Departamento de Lenguajes y Ciencias de la Computación, Universidad de Málaga, Málaga, Spain.
BMC Bioinformatics. 2010 Jan 20;11:38. doi: 10.1186/1471-2105-11-38.
High-throughput automated sequencing has enabled an exponential growth rate of sequencing data. This requires increasing sequence quality and reliability in order to avoid database contamination with artefactual sequences. The arrival of pyrosequencing enhances this problem and necessitates customisable pre-processing algorithms.
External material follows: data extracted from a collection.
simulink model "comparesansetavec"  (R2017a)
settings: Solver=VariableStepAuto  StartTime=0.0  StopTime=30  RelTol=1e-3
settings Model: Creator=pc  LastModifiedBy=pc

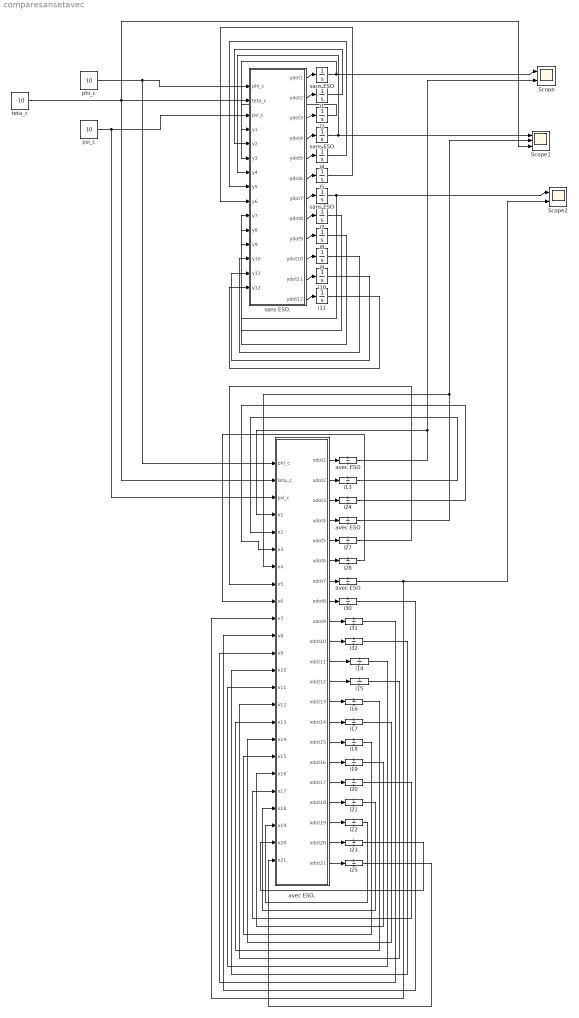
== system comparesansetavec ==
  Scope : Scope  NumInputPorts=2
  Scope1 : Scope  NumInputPorts=3
  Scope2 : Scope  NumInputPorts=2
  avec ESO : Integrator
  "avec ESO " : Integrator
  "avec ESO  " : Integrator
  avec ESO. : MATLAB Function  TreatAsAtomicUnit=on
  i{1..2,4..5,7..11,13..25,27..28,30..32} (27 alike) : Integrator
  phi_c : Constant  Value=10
  psi_c : Constant  Value=10
  sans ESO : Integrator
  "sans ESO " : Integrator
  "sans ESO  " : Integrator
  sans ESO. : MATLAB Function  TreatAsAtomicUnit=on
  teta_c : Constant  Value=-10
  wires:
  i10/1 -> sans ESO./14(y11)
  i5/1 -> sans ESO./9(y6)
  i7/1 -> sans ESO./11(y8)
  i1/1 -> sans ESO./5(y2)
  sans ESO./7(ydot7) -> "sans ESO "/1
  i2/1 -> sans ESO./6(y3)
  "sans ESO "/1 -> Scope2/1, sans ESO./10(y7)
  "sans ESO  "/1 -> Scope/1, sans ESO./4(y1)
  sans ESO./10(ydot10) -> i9/1
  sans ESO./4(ydot4) -> sans ESO/1
  sans ESO./3(ydot3) -> i2/1
  sans ESO/1 -> Scope1/1, sans ESO./7(y4)
  i4/1 -> sans ESO./8(y5)
  sans ESO./2(ydot2) -> i1/1
  sans ESO./9(ydot9) -> i8/1
  i11/1 -> sans ESO./15(y12)
  sans ESO./12(ydot12) -> i11/1
  sans ESO./1(ydot1) -> "sans ESO  "/1
  sans ESO./8(ydot8) -> i7/1
  sans ESO./11(ydot11) -> i10/1
  i8/1 -> sans ESO./12(y9)
  sans ESO./6(ydot6) -> i5/1
  i9/1 -> sans ESO./13(y10)
  sans ESO./5(ydot5) -> i4/1
  avec ESO./6(xdot6) -> i28/1
  i28/1 -> avec ESO./9(x6)
  i13/1 -> avec ESO./5(x2)
  avec ESO./14(xdot14) -> i17/1
  i17/1 -> avec ESO./17(x14)
  avec ESO./13(xdot13) -> i16/1
  avec ESO./2(xdot2) -> i13/1
  i22/1 -> avec ESO./22(x19)
  avec ESO./5(xdot5) -> i27/1
  avec ESO./9(xdot9) -> i31/1
  i25/1 -> avec ESO./24(x21)
  i21/1 -> avec ESO./21(x18)
  i20/1 -> avec ESO./20(x17)
  avec ESO./3(xdot3) -> i24/1
  avec ESO./12(xdot12) -> i15/1
  i15/1 -> avec ESO./15(x12)
  avec ESO./4(xdot4) -> avec ESO/1
  "avec ESO  "/1 -> Scope/2, avec ESO./4(x1)
  i23/1 -> avec ESO./23(x20)
  avec ESO/1 -> Scope1/2, avec ESO./7(x4)
  phi_c/1 -> avec ESO./1(phi_c), sans ESO./1(phi_c)
  i24/1 -> avec ESO./6(x3)
  i16/1 -> avec ESO./16(x13)
  "avec ESO "/1 -> avec ESO./10(x7), Scope2/2
  psi_c/1 -> avec ESO./3(psi_c), sans ESO./3(psi_c)
  i30/1 -> avec ESO./11(x8)
  i18/1 -> avec ESO./18(x15)
  teta_c/1 -> avec ESO./2(teta_c), Scope1/3, sans ESO./2(teta_c)
  avec ESO./18(xdot18) -> i21/1
  i27/1 -> avec ESO./8(x5)
  i31/1 -> avec ESO./12(x9)
  avec ESO./8(xdot8) -> i30/1
  avec ESO./1(xdot1) -> "avec ESO  "/1
  avec ESO./10(xdot10) -> i32/1
  avec ESO./16(xdot16) -> i19/1
  avec ESO./15(xdot15) -> i18/1
  avec ESO./21(xdot21) -> i25/1
  avec ESO./19(xdot19) -> i22/1
  avec ESO./7(xdot7) -> "avec ESO "/1
  avec ESO./20(xdot20) -> i23/1
  i19/1 -> avec ESO./19(x16)
  i14/1 -> avec ESO./14(x11)
  avec ESO./11(xdot11) -> i14/1
  i32/1 -> avec ESO./13(x10)
  avec ESO./17(xdot17) -> i20/1

== matlab function comparesansetavec/avec ESO. ==
  data: phi_c input; teta_c input; psi_c input; xdot1 output; x1 input; x2 input; x3 input; x4 input; x5 input; x6 input; x7 input; x8 input; x9 input; x10 input; x11 input; x12 input; x13 input; x14 input; x15 input; x16 input; x17 input; x18 input; x19 input; x20 input; x21 input; xdot2 output; xdot3 output; xdot4 output; xdot5 output; xdot6 output; xdot7 output; xdot8 output; xdot9 output; xdot10 output; xdot11 output; xdot12 output; xdot13 output; xdot14 output; xdot15 output; xdot16 output; xdot17 output; xdot18 output; xdot19 output; xdot20 output; xdot21 output
function [xdot1,xdot2,xdot3,xdot4,xdot5,xdot6,xdot7,xdot8,xdot9,xdot10,xdot11,xdot12,xdot13,xdot14,xdot15,xdot16,xdot17,xdot18,xdot19,xdot20,xdot21] = fcn(phi_c,teta_c,psi_c,x1,x2,x3,x4,x5,x6,x7,x8,x9,x10,x11,x12,x13,x14,x15,x16,x17,x18,x19,x20,x21)
alfa1=0.9; alfa2=0.3;
delta=0.1;
kd1=6.4;kd2=6.4;kd3=6.4;
kp1=16;kp2=16;kp3=16;
beta1=100; beta2=3000; beta3=5000;
%--------------------------------------------------------------------------
Ix=22682;
Iy=77095;
Iz=95561;
Ixz=1125;
SOM=Ix*Iz-Ixz^2;
c1=((Iy-Iz)*Iz-Ixz^2)/SOM;
c2=((Ix-Iy+Iz)*Ixz)/SOM;
c3=Iz/SOM;
c4=Ixz/SOM;
c5=(Iz-Ix)/Iy;
c6=Ixz/Iy;
c7=1/Iy;
c8=(Ix*(Ix-Iy)+Ixz^2)/SOM;
c9=Ix/SOM;
%--------------------------------------------------------------------------
phi=x1;
teta=x4;
p=x19;
r=x20;
q=x21;
%--------------------------------------------------------------------------
B=[c3+c4*cosd(phi)*tand(teta),c7*sind(phi)*tand(teta),c4+c9*cosd(phi)*tand(teta);
    -c4*sind(phi),c7*cosd(phi),-c9*sind(phi);
    c4*cosd(phi)*(1/cosd(teta)),c7*sind(phi)*(1/cosd(teta)),c9*cosd(phi)*(1/cosd(teta))];
phidot=p+tand(teta)*(q*sind(phi)+r*cosd(phi));
tetadot=q*cosd(phi)-r*sind(phi);
A1=((c1*r+c2*p)*q)+(tetadot/cosd(teta)^2)*(q*sind(phi)+r*cosd(phi))+tand(teta)*((c5*p*r-c6*(p^2-r^2))*sind(phi)+q*(phidot*cosd(phi))+((c8*p-c2*r)*q)*cosd(phi)-r*phidot*sind(phi));
A2=(c5*p*r-c6*(p^2-r^2))*cosd(phi)-phidot*sind(phi)*q-(((c8*p-c2*r)*q)*sind(phi)+phidot*cosd(phi)*r);
A3=((c5*p*r-c6*(p^2-r^2))*sind(phi)+phidot*cosd(phi)*q+((c8*p-c2*r)*q)*cosd(phi)-phidot*sind(phi)*r)*cosd(teta)/cosd(teta)^2+(tetadot*sind(teta)*(q*sind(phi)+r*cosd(phi)))/cosd(teta)^2;
%--------------------------------------------------------------------------
pp=inv(B);
L=pp(1,:)*[(kp1*phi_c-x12)-A1;(kp2*teta_c-x15)-A2;(kp3*psi_c-x18)-A3];
M=pp(2,:)*[(kp1*phi_c-x12)-A1;(kp2*teta_c-x15)-A2;(kp3*psi_c-x18)-A3];
N=pp(3,:)*[(kp1*phi_c-x12)-A1;(kp2*teta_c-x15)-A2;(kp3*psi_c-x18)-A3];
%************------************----------**************-----------------
e=x10-x1;                                     %y(1)=phi y(10)=Z1_phi 
e2=x13-x4;                                      %y(4)=teta y(14)=Z1_teta
e3=x16-x7;                                      %y(7)=psi y(16)=Z1_PSI
%************------************----------**************-----------------
xdot1=x2;   
%xdot2=A1+B(1,:)*[L;M;N];
xdot2=x3+kp1*phi_c;
%xdot3=A1dot+Bdot(1,:)*u+B(1,:)*udot;
Delta_u1=x12+kp1*x1+kd1*x2;
xdot3=-kp1*x2-kd1*(x3+kp1*phi_c)-Delta_u1;
%---ESO1 Z_PHI---
xdot10=x11-beta1*e;                           %y(11)=Z2_phi
%^^^^^^^^^^^^^^^^^^^^^^^^^^^^^^^^^^^^^^^^^^^^^^^^^^^^^^^^^^^^^^^^^^^^^^^^^^
if abs(e)> delta 
FAL=abs(e)^alfa1*sign(e);
xdot11=x12-beta2*FAL+kp1*phi_c;%y(12)=Z3_phi
else 
    FAL=e/(delta^(1-alfa1));
 xdot11=x12-beta2*FAL+kp1*phi_c;%y(12)=Z3_phi
end
%^^^^^^^^^^^^^^^^^^^^^^^^^^^^^^^^^^^^^^^^^^^^^^^^^^^^^^^^^^^^^^^^^^^^^^^^^^ 
if abs(e)> delta 
FAL1=abs(e)^alfa2*sign(e);
xdot12=-beta3*FAL1;
else 
    FAL1=e/(delta^(1-alfa2));
    xdot12=-beta3*FAL1;
end
%^^^^^^^^^^^^^^^^^^^^^^^^^^^^^^^^^^^^^^^^^^^^^^^^^^^^^^^^^^^^^^^^^^^^^^^^^^


%--------------------------------------------------------------------------
xdot4=x5;   
%xdot4=A2+B(2,:)*[L;M;N];  
xdot5=x6+kp2*teta_c;
%xdot6=A2dot+Bdot(2,:)*u+B(2,:)*udot;
Delta_u2=x15+kp2*x4+kd2*x5;
xdot6=-kp2*x5-kd1*(x6+kp2*teta_c)-Delta_u2;
%---ESO2 Z_Teta---
xdot13=x14-beta1*e2;                            %y(15)=Z2_teta
%^^^^^^^^^^^^^^^^^^^^^^^^^^^^^^^^^^^^^^^^^^^^^^^^^^^^^^^^^^^^^^^^^^^^^^^^^^
if abs(e2)> delta 
FAL2=abs(e2)^alfa1*sign(e2);
xdot14=x15-beta2*FAL2+kp2*teta_c;%y(16)=Z3_teta 
else
    FAL2=e2/(delta^(1-alfa1));
xdot14=x15-beta2*FAL2+kp2*teta_c;%y(16)=Z3_teta 
end
%^^^^^^^^^^^^^^^^^^^^^^^^^^^^^^^^^^^^^^^^^^^^^^^^^^^^^^^^^^^^^^^^^^^^^^^^^^ 
if abs(e2)> delta 
FAL3=abs(e2)^alfa2*sign(e2);
xdot15=-beta3*FAL3;
else
    FAL3=e2/(delta^(1-alfa2));
xdot15=-beta3*FAL3;
end
%^^^^^^^^^^^^^^^^^^^^^^^^^^^^^^^^^^^^^^^^^^^^^^^^^^^^^^^^^^^^^^^^^^^^^^^^^^


%--------------------------------------------------------------------------
xdot7=x8;   
%xdot6=A3+B(3,:)*[L;M;N];
xdot8=x9+kp3*psi_c;
%xdot9=A3dot+Bdot(3,:)*u+B(3,:)*udot;
Delta_u3=x18+kp3*x7+kd3*x8;
xdot9=-kp3*x8-kd3*(x9+kp3*psi_c)-Delta_u3;
%---ESO3 Z_PSI---
xdot16=x17-beta1*e3;                          %y(17)=Z2_PSI
%^^^^^^^^^^^^^^^^^^^^^^^^^^^^^^^^^^^^^^^^^^^^^^^^^^^^^^^^^^^^^^^^^^^^^^^^^^
if abs(e3)> delta 
FAL4=abs(e3)^alfa1*sign(e3);
xdot17=x18-beta2*FAL4+kp3*psi_c; %y(18)=Z3_PSI
else
    FAL4=e3/(delta^(1-alfa1));
xdot17=x18-beta2*FAL4+kp3*psi_c; %y(18)=Z3_PSI
end
%^^^^^^^^^^^^^^^^^^^^^^^^^^^^^^^^^^^^^^^^^^^^^^^^^^^^^^^^^^^^^^^^^^^^^^^^^^ 
if abs(e3)> delta 
FAL5=abs(e3)^alfa2*sign(e3);
xdot18=-beta3*FAL5;
else
    FAL5=e3/(delta^(1-alfa2));
xdot18=-beta3*FAL5;
end
%^^^^^^^^^^^^^^^^^^^^^^^^^^^^^^^^^^^^^^^^^^^^^^^^^^^^^^^^^^^^^^^^^^^^^^^^^^

%--------------------------------------------------------------------------
xdot19=(c1*r+c2*p)*q+c3*L+c4*N;  %=pdot
xdot20=(c8*p-c2*r)*q+c4*L+c9*N;  %=rdot
xdot21=c5*p*r-c6*(p^2-r^2)+c7*M; %=qdot
end

== matlab function comparesansetavec/sans ESO. ==
  data: phi_c input; teta_c input; psi_c input; y1 input; ydot1 output; y2 input; y3 input; y4 input; y5 input; y6 input; y7 input; y8 input; y9 input; y10 input; y11 input; y12 input; ydot2 output; ydot3 output; ydot4 output; ydot5 output; ydot6 output; ydot7 output; ydot8 output; ydot9 output; ydot10 output; ydot11 output; ydot12 output
function [ydot1,ydot2,ydot3,ydot4,ydot5,ydot6,ydot7,ydot8,ydot9,ydot10,ydot11,ydot12] = fcn(phi_c,teta_c,psi_c,y1,y2,y3,y4,y5,y6,y7,y8,y9,y10,y11,y12)
kd1=6.4;kd2=6.4;kd3=6.4;
kp1=16;kp2=16;kp3=16;
%--------------------------------------------------------------------------
% Ix=12874.8;
% Iy=75673.6;
% Iz=85552.1;
% Ixz=1331.4;
Ix=22682;
Iy=77095;
Iz=95561;
Ixz=1125;
SOM=Ix*Iz-Ixz^2;
c1=((Iy-Iz)*Iz-Ixz^2)/SOM;
c2=((Ix-Iy+Iz)*Ixz)/SOM;
c3=Iz/SOM;
c4=Ixz/SOM;
c5=(Iz-Ix)/Iy;
c6=Ixz/Iy;
c7=1/Iy;
c8=(Ix*(Ix-Iy)+Ixz^2)/SOM;
c9=Ix/SOM;
%--------------------------------------------------------------------------
phi=y1;
teta=y4;
p=y10;
r=y11;
q=y12;
%--------------------------------------------------------------------------
B=[c3+c4*cosd(phi)*tand(teta),c7*sind(phi)*tand(teta),c4+c9*cosd(phi)*tand(teta);
    -c4*sind(phi),c7*cosd(phi),-c9*sind(phi);
    c4*cosd(phi)*(1/cosd(teta)),c7*sind(phi)*(1/cosd(teta)),c9*cosd(phi)*(1/cosd(teta))];
phidot=p+tand(teta)*(q*sind(phi)+r*cosd(phi));
tetadot=q*cosd(phi)-r*sind(phi);
A1=((c1*r+c2*p)*q)+(tetadot/cosd(teta)^2)*(q*sind(phi)+r*cosd(phi))+tand(teta)*((c5*p*r-c6*(p^2-r^2))*sind(phi)+q*(phidot*cosd(phi))+((c8*p-c2*r)*q)*cosd(phi)-r*phidot*sind(phi));
A2=(c5*p*r-c6*(p^2-r^2))*cosd(phi)-phidot*sind(phi)*q-(((c8*p-c2*r)*q)*sind(phi)+phidot*cosd(phi)*r);
A3=((c5*p*r-c6*(p^2-r^2))*sind(phi)+phidot*cosd(phi)*q+((c8*p-c2*r)*q)*cosd(phi)-phidot*sind(phi)*r)*cosd(teta)/cosd(teta)^2+(tetadot*sind(teta)*(q*sind(phi)+r*cosd(phi)))/cosd(teta)^2;
A=[A1;A2;A3];
%--------------------------------------------------------------------------
Bdot=[c4*cosd(phi)*(tand(teta)^2 + 1)*tetadot - c4*sind(phi)*tand(teta)*phidot,c7*cosd(phi)*tand(teta)*phidot + c7*sind(phi)*(tand(teta)^2 + 1)*tetadot,c9*cosd(phi)*(tand(teta)^2 + 1)*tetadot - c9*sind(phi)*tand(teta)*phidot;
     -c4*cosd(phi)*phidot,-c7*sind(phi)*phidot,-c9*cosd(phi)*phidot;
     (c4*cosd(phi)*sind(teta)*tetadot)/cosd(teta)^2 - (c4*sind(phi)*phidot)/cosd(teta), (c7*cosd(phi)*phidot)/cosd(teta) + (c7*sind(phi)*sind(teta)*tetadot)/cosd(teta)^2, (c9*cosd(phi)*sind(teta)*tetadot)/cosd(teta)^2 - (c9*sind(phi)*phidot)/cosd(teta)];
%--------------------------------------------------------------------------
pp=inv(B);
L=pp(1,:)*[(kp1*(phi_c-y1)-kd1*y2)-A1;((kp2*(teta_c-y4)-kd2*y5)-A2);((kp3*(psi_c-y7)-kd3*y8)-A3)];
M=pp(2,:)*[(kp1*(phi_c-y1)-kd1*y2)-A1;((kp2*(teta_c-y4)-kd2*y5)-A2);((kp3*(psi_c-y7)-kd3*y8)-A3)];
N=pp(3,:)*[(kp1*(phi_c-y1)-kd1*y2)-A1;((kp2*(teta_c-y4)-kd2*y5)-A2);((kp3*(psi_c-y7)-kd3*y8)-A3)];
pdot=(c1*r+c2*p)*q+c3*L+c4*N;
rdot=(c8*p-c2*r)*q+c4*L+c9*N;
qdot=c5*p*r-c6*(p^2-r^2)+c7*M;

phidotdot=pdot+(tetadot/cosd(teta)^2)*(q*sind(phi)+r*cosd(phi))+tand(teta)*(qdot*sind(phi)+q*(phidot*cosd(phi))+rdot*cosd(phi)-r*phidot*sind(phi));
tetadotdot=qdot*cosd(phi)-phidot*sind(phi)*q-(rdot*sind(phi)+phidot*cosd(phi)*r);

A1dot=(c1*rdot+c2*pdot)*q+qdot*(c1*r+c2*p)+(tetadotdot*cosd(teta)^2+2*tetadot^2*sind(teta)*cosd(teta))/cosd(teta)^4*(q*sind(phi)+r*cosd(phi))+(qdot*sind(phi)+phidot*cosd(phi)*q+rdot*cosd(phi)-phidot*sind(phi)*r)*(tetadot/cosd(teta)^2)+(tetadot/cosd(teta)^2)*((c5*p*r-c6*(p^2-r^2))*sind(phi)+q*(phidot*cosd(phi))+((c8*p-c2*r)*q)*cosd(phi)-r*phidot*sind(phi))+((c5*p*r-c6*(p^2-r^2))*phidot*cosd(phi)+(c5*(pdot*r+rdot*p)-c6*(2*p*pdot-2*r*rdot))*sind(phi)+(qdot*phidot+phidotdot*q)*cosd(phi)-phidot*sind(phi)*q*phidot+(c8*pdot-c2*rdot)*q*cosd(phi)+(qdot*cosd(phi)-phidot*sind(phi)*q)*(c8*p-c2*r)-((rdot*phidot+phidotdot*r)*sind(phi)+phidot*cosd(phi)*r*phidot))*tand(teta);
A2dot=(c5*(pdot*r+rdot*p)-c6*(2*p*pdot-2*r*rdot))*cosd(phi)-phidot*sind(phi)*(c5*p*r-c6*(p^2-r^2))-((phidotdot*q+qdot*phidot)*sind(phi)+phidot*cosd(phi)*phidot*q)-(((c8*pdot-c2*rdot)*q+qdot*(c8*p-c2*r))*sind(phi)+phidot*cosd(phi)*((c8*p-c2*r)*q)+(phidotdot*r+rdot*phidot)*cosd(phi)-phidot*sind(phi)*phidot*r);
A3dot=((((c5*(pdot*r+rdot*p)-c6*(2*p*pdot-2*r*rdot))*sind(phi)+phidot*cosd(phi)*(c5*p*r-c6*(p^2-r^2))+(phidotdot*cosd(phi)-phidot*sind(phi)*phidot)*q+qdot*phidot*cosd(phi)+((c8*pdot-c2*rdot)*q+qdot*(c8*p-c2*r))*cosd(phi)-phidot*sind(phi)*((c8*p-c2*r)*q)-((phidotdot*sind(phi)+phidot*cosd(phi)*phidot)*r+rdot*phidot*sind(phi)))*cosd(teta)-tetadot*sind(teta)*((c5*p*r-c6*(p^2-r^2))*sind(phi)+phidot*cosd(phi)*q+(c5*p*r-c6*(p^2-r^2))*cosd(phi)-phidot*sind(phi)*r))*cosd(teta)^2+2*tetadot*cosd(teta)*sind(teta)*((c5*p*r-c6*(p^2-r^2))*sind(phi)+phidot*cosd(phi)*q+((c8*p-c2*r)*q)*cosd(phi)-phidot*sind(phi)*r)*cosd(teta))/cosd(teta)^4+(((tetadotdot*sind(teta)+tetadot*cosd(teta)*tetadot)*(q*sind(phi)+r*cosd(phi))+(qdot*sind(phi)+phidot*cosd(phi)*q+rdot*cosd(phi)-phidot*sind(phi)*r)*tetadot*sind(teta))*cosd(teta)^2+2*tetadot*cosd(teta)*sind(teta)*(tetadot*sind(teta)*(q*sind(phi)+r*cosd(phi))))/cosd(teta)^4;
Adot=[A1dot;A2dot;A3dot];
%--------------------------------------------------------------------------
u=[L;M;N];
ppdot=[ 0, -(c4*cosd(phi)*phidot)/(c4^2*cosd(phi)^2 + c4^2*sind(phi)^2 - c3*c9*cosd(phi)^2 - c3*c9*sind(phi)^2), (cosd(teta)*(c9*cosd(phi)^2*(tand(teta)^2 + 1)*tetadot - c4*sind(phi)*phidot + c9*sind(phi)^2*(tand(teta)^2 + 1)*tetadot))/(c4^2*cosd(phi)^2 + c4^2*sind(phi)^2 - c3*c9*cosd(phi)^2 - c3*c9*sind(phi)^2) - (sind(teta)*tetadot*(c9*tand(teta)*cosd(phi)^2 + c4*cosd(phi) + c9*tand(teta)*sind(phi)^2))/(c4^2*cosd(phi)^2 + c4^2*sind(phi)^2 - c3*c9*cosd(phi)^2 - c3*c9*sind(phi)^2);
        0,                                                    -(sind(phi)*phidot)/(c7*cosd(phi)^2 + c7*sind(phi)^2),                                                                                                                                                                                                                                                                                             (cosd(phi)*cosd(teta)*phidot)/(c7*cosd(phi)^2 + c7*sind(phi)^2) - (sind(phi)*sind(teta)*tetadot)/(c7*cosd(phi)^2 + c7*sind(phi)^2);
        0,  (c3*cosd(phi)*phidot)/(c4^2*cosd(phi)^2 + c4^2*sind(phi)^2 - c3*c9*cosd(phi)^2 - c3*c9*sind(phi)^2), (sind(teta)*tetadot*(c4*tand(teta)*cosd(phi)^2 + c3*cosd(phi) + c4*tand(teta)*sind(phi)^2))/(c4^2*cosd(phi)^2 + c4^2*sind(phi)^2 - c3*c9*cosd(phi)^2 - c3*c9*sind(phi)^2) - (cosd(teta)*(c4*cosd(phi)^2*(tand(teta)^2 + 1)*tetadot - c3*sind(phi)*phidot + c4*sind(phi)^2*(tand(teta)^2 + 1)*tetadot))/(c4^2*cosd(phi)^2 + c4^2*sind(phi)^2 - c3*c9*cosd(phi)^2 - c3*c9*sind(phi)^2)];
v=[(kp1*(phi_c-y1)-kd1*y2);(kp2*(teta_c-y4)-kd2*y5);(kp3*(psi_c-y7)-kd3*y8)];
vdot=[-kp1*y2-kd1*(y3+kp1*phi_c);-kp2*y5-kd2*(y6+kp2*teta_c);-kp3*y8-kd3*(y9+kp3*psi_c)];
udot=ppdot*(v-A)+pp*(vdot-Adot);
%--------------------------------------------------------------------------
ydot1=y2;   
%ydot(2)=A1+B(1,:)*[L;M;N];
ydot2=y3+kp1*phi_c;
ydot3=A1dot+Bdot(1,:)*u+B(1,:)*udot;
%--------------------------------------------------------------------------
ydot4=y5;   
%ydot(4)=A2+B(2,:)*[L;M;N];  
ydot5=y6+kp2*teta_c;
ydot6=A2dot+Bdot(2,:)*u+B(2,:)*udot;
%--------------------------------------------------------------------------
ydot7=y8;   
%ydot(6)=A3+B(3,:)*[L;M;N];
ydot8=y9+kp3*psi_c;
ydot9=A3dot+Bdot(3,:)*u+B(3,:)*udot;
%--------------------------------------------------------------------------
ydot10=(c1*r+c2*p)*q+c3*L+c4*N;  %=pdot
ydot11=(c8*p-c2*r)*q+c4*L+c9*N;  %=rdot
ydot12=c5*p*r-c6*(p^2-r^2)+c7*M; %=qdot
end

SeqTrim has been implemented both as a Web and as a standalone command line application. Already-published and newly-designed algorithms have been included to identify sequence inserts, to remove low quality, vector, adaptor, low complexity and contaminant sequences, and to detect chimeric reads. The availability of several input and output formats allows its inclusion in sequence processing workflows. Due to its specific algorithms, SeqTrim outperforms other pre-processors implemented as Web services or standalone applications. It performs equally well with sequences from EST libraries, SSH libraries, genomic DNA libraries and pyrosequencing reads and does not lead to over-trimming.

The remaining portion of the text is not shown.